## Work instruction:
Could you repeat, word for word, every line from the one containing "unnamed: C22.1, U5.5 (VNEG)" through the final line of the records below, and nothing else?

## Data shown:

+-------+

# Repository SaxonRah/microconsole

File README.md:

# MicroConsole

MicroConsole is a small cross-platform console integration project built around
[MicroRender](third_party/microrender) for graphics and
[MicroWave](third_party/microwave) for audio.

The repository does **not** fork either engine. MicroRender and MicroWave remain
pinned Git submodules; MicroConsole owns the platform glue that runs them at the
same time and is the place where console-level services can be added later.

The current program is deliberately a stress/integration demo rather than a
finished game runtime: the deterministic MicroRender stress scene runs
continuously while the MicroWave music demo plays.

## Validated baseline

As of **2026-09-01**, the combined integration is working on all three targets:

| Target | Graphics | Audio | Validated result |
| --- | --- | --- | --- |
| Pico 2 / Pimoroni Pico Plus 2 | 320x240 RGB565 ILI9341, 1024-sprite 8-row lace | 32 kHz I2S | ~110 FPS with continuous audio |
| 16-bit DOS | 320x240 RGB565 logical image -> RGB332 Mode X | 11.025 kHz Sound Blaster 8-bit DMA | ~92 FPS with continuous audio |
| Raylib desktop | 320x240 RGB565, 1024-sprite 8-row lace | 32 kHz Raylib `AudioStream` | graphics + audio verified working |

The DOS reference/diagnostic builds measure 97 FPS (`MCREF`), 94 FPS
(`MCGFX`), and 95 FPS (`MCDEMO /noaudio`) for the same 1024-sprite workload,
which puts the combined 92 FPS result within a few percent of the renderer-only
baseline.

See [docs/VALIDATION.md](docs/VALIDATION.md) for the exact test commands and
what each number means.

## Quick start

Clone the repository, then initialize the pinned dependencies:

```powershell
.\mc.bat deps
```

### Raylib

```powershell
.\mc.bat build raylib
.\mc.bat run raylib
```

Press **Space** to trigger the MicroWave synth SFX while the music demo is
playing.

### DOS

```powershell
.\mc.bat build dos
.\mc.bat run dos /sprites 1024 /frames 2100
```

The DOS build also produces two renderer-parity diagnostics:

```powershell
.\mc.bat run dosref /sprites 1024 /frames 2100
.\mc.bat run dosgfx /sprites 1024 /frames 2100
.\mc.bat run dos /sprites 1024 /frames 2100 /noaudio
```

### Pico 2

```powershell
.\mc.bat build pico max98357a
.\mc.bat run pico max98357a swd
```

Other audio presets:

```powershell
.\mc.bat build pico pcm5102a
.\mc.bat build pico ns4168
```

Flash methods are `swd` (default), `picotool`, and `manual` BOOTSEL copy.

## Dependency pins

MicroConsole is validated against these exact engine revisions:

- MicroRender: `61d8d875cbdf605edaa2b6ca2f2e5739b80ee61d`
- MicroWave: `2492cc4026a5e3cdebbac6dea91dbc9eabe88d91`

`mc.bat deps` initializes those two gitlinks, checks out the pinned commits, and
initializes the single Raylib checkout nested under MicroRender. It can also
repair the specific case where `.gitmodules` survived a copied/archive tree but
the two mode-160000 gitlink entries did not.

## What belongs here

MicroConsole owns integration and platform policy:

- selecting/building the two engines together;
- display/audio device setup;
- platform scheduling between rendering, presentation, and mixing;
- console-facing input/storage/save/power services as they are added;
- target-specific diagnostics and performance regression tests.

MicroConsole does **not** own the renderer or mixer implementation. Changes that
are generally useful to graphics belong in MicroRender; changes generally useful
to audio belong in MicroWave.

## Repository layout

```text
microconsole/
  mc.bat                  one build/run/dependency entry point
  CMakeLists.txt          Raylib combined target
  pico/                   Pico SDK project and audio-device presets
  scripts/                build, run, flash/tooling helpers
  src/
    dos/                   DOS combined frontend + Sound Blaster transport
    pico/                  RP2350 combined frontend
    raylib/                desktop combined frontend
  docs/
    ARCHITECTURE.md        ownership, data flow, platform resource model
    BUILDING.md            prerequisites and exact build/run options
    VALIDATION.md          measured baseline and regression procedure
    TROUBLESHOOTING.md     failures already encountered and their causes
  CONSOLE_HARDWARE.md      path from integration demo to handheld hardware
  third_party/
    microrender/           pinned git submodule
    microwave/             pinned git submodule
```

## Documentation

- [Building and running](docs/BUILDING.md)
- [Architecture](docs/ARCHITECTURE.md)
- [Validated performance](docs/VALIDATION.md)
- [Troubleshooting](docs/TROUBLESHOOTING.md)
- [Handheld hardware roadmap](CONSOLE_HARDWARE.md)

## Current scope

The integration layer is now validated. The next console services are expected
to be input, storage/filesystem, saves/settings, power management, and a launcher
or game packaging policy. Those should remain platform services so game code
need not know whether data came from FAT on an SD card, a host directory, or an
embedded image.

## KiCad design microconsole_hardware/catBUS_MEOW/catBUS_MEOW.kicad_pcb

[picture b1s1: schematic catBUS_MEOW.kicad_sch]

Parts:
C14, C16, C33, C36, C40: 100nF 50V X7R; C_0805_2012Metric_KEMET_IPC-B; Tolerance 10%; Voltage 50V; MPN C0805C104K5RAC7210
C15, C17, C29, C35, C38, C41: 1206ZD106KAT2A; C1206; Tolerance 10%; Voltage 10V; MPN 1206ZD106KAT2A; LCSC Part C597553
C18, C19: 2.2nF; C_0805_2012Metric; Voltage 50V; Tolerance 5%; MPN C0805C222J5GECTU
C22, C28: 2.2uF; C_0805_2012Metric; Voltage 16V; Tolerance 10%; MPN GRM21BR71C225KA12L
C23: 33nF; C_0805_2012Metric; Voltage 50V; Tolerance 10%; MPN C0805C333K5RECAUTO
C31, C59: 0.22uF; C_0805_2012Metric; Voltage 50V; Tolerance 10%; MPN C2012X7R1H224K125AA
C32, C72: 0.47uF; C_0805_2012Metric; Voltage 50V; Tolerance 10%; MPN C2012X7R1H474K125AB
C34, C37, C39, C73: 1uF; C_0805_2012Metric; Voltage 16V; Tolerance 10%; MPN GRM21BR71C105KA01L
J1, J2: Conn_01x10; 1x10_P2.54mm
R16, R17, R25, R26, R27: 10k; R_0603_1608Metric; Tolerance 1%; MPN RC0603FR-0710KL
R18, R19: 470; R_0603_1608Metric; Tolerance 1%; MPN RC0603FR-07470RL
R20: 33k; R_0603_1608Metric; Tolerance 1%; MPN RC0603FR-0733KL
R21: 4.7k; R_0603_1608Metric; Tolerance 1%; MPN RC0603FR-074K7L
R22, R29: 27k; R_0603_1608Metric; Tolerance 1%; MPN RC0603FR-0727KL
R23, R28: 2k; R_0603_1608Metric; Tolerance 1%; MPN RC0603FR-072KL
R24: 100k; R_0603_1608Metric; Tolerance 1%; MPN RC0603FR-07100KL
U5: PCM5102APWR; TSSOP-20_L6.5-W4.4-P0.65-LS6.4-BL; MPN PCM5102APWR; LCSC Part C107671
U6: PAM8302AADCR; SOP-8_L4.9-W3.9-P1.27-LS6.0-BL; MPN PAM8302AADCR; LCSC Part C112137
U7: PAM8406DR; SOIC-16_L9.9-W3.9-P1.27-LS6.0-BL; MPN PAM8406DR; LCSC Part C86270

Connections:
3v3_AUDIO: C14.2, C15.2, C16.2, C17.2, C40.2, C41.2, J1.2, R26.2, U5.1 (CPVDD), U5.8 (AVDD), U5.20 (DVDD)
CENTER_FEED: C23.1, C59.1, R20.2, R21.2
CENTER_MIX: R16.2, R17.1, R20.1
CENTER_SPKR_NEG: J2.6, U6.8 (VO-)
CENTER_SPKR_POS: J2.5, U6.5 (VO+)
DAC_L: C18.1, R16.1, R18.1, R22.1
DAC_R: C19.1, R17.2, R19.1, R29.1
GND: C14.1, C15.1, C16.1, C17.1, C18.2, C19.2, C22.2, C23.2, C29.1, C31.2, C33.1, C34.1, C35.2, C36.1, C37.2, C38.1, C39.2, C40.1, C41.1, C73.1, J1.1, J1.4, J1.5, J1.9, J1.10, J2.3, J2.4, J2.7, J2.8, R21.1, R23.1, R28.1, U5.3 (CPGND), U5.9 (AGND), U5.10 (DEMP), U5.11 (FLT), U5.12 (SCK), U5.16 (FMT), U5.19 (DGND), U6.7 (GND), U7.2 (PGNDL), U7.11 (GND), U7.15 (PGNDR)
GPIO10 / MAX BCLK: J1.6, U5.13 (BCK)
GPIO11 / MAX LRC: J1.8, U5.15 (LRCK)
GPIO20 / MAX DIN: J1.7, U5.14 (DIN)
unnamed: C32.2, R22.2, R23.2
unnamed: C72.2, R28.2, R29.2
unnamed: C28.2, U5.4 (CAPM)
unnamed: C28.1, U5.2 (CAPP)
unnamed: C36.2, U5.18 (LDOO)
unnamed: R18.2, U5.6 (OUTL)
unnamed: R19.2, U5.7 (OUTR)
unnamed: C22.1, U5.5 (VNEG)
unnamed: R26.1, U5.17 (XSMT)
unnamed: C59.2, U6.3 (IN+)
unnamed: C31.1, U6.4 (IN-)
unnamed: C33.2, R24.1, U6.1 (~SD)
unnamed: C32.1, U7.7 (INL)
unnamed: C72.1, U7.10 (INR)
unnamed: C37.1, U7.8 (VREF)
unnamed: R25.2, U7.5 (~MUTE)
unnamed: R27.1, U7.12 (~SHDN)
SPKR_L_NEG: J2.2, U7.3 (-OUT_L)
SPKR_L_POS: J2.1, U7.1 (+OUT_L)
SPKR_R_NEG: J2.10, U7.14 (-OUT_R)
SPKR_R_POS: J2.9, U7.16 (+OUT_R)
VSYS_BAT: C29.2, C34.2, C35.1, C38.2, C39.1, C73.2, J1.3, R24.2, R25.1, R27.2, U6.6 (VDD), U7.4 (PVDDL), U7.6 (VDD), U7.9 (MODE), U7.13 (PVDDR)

+-------+

## Finished task:
unnamed: C22.1, U5.5 (VNEG)
unnamed: R26.1, U5.17 (XSMT)
unnamed: C59.2, U6.3 (IN+)
unnamed: C31.1, U6.4 (IN-)
unnamed: C33.2, R24.1, U6.1 (~SD)
unnamed: C32.1, U7.7 (INL)
unnamed: C72.1, U7.10 (INR)
unnamed: C37.1, U7.8 (VREF)
unnamed: R25.2, U7.5 (~MUTE)
unnamed: R27.1, U7.12 (~SHDN)
SPKR_L_NEG: J2.2, U7.3 (-OUT_L)
SPKR_L_POS: J2.1, U7.1 (+OUT_L)
SPKR_R_NEG: J2.10, U7.14 (-OUT_R)
SPKR_R_POS: J2.9, U7.16 (+OUT_R)
VSYS_BAT: C29.2, C34.2, C35.1, C38.2, C39.1, C73.2, J1.3, R24.2, R25.1, R27.2, U6.6 (VDD), U7.4 (PVDDL), U7.6 (VDD), U7.9 (MODE), U7.13 (PVDDR)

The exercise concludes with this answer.